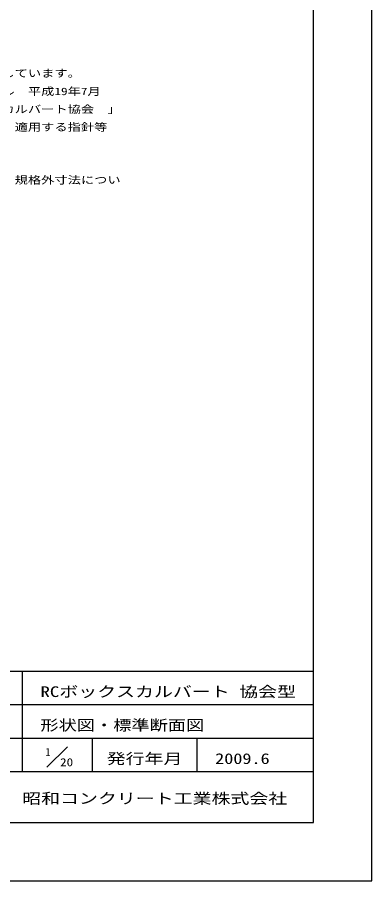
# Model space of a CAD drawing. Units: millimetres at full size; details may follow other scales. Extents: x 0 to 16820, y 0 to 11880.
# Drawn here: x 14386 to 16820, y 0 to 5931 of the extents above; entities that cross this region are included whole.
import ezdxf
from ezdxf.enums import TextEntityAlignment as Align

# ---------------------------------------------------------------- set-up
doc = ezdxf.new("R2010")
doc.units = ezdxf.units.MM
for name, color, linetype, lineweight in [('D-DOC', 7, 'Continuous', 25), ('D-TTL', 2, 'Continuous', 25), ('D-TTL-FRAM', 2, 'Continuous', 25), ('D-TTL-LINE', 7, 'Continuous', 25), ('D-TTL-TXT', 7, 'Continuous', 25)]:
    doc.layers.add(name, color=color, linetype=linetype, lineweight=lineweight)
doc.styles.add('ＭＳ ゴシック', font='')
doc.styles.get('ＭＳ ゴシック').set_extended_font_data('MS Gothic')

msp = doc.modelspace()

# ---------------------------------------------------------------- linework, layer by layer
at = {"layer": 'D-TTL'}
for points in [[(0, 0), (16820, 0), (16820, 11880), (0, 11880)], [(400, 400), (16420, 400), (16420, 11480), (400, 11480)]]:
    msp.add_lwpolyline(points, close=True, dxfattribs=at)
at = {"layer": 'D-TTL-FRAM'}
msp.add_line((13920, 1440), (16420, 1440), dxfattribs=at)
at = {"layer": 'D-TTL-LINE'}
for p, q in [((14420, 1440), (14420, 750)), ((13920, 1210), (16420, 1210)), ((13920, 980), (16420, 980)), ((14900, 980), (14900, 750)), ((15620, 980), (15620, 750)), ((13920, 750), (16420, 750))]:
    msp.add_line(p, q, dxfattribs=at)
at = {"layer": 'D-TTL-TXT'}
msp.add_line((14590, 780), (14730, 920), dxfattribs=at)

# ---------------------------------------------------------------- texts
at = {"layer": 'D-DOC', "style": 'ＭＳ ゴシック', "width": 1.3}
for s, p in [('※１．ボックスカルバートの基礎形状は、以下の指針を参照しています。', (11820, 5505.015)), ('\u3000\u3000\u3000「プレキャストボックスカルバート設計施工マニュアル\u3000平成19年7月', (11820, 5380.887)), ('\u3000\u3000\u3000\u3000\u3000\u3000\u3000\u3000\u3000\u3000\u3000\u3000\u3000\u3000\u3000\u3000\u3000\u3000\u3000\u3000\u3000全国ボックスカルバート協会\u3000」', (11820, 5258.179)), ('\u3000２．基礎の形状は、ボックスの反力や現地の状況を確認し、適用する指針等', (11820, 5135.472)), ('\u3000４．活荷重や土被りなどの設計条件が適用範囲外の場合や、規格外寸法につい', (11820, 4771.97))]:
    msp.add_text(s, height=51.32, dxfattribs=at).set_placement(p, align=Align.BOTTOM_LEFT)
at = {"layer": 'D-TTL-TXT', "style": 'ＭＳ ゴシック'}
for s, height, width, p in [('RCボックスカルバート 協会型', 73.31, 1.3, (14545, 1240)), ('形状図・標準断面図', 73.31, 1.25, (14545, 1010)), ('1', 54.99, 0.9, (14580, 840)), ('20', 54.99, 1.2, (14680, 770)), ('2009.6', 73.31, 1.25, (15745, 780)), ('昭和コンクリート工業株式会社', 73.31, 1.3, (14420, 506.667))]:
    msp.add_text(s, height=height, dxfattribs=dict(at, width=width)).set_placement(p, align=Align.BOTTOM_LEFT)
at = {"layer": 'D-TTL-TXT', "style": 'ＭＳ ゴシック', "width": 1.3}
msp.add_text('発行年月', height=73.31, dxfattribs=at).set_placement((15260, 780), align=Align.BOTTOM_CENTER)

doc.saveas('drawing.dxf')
--*--
WHAT IS EXPECTED
Set down again, exactly, the lines of the material above from its first line to the one with "for name, color, linetype, lineweight", inclusive. Leave the pictures out.

PROBLEM SOLUTION
# Model space of a CAD drawing. Units: millimetres at full size; details may follow other scales. Extents: x 0 to 16820, y 0 to 11880.
# Drawn here: x 14386 to 16820, y 0 to 5931 of the extents above; entities that cross this region are included whole.
import ezdxf
from ezdxf.enums import TextEntityAlignment as Align

# ---------------------------------------------------------------- set-up
doc = ezdxf.new("R2010")
doc.units = ezdxf.units.MM
for name, color, linetype, lineweight in [('D-DOC', 7, 'Continuous', 25), ('D-TTL', 2, 'Continuous', 25), ('D-TTL-FRAM', 2, 'Continuous', 25), ('D-TTL-LINE', 7, 'Continuous', 25), ('D-TTL-TXT', 7, 'Continuous', 25)]:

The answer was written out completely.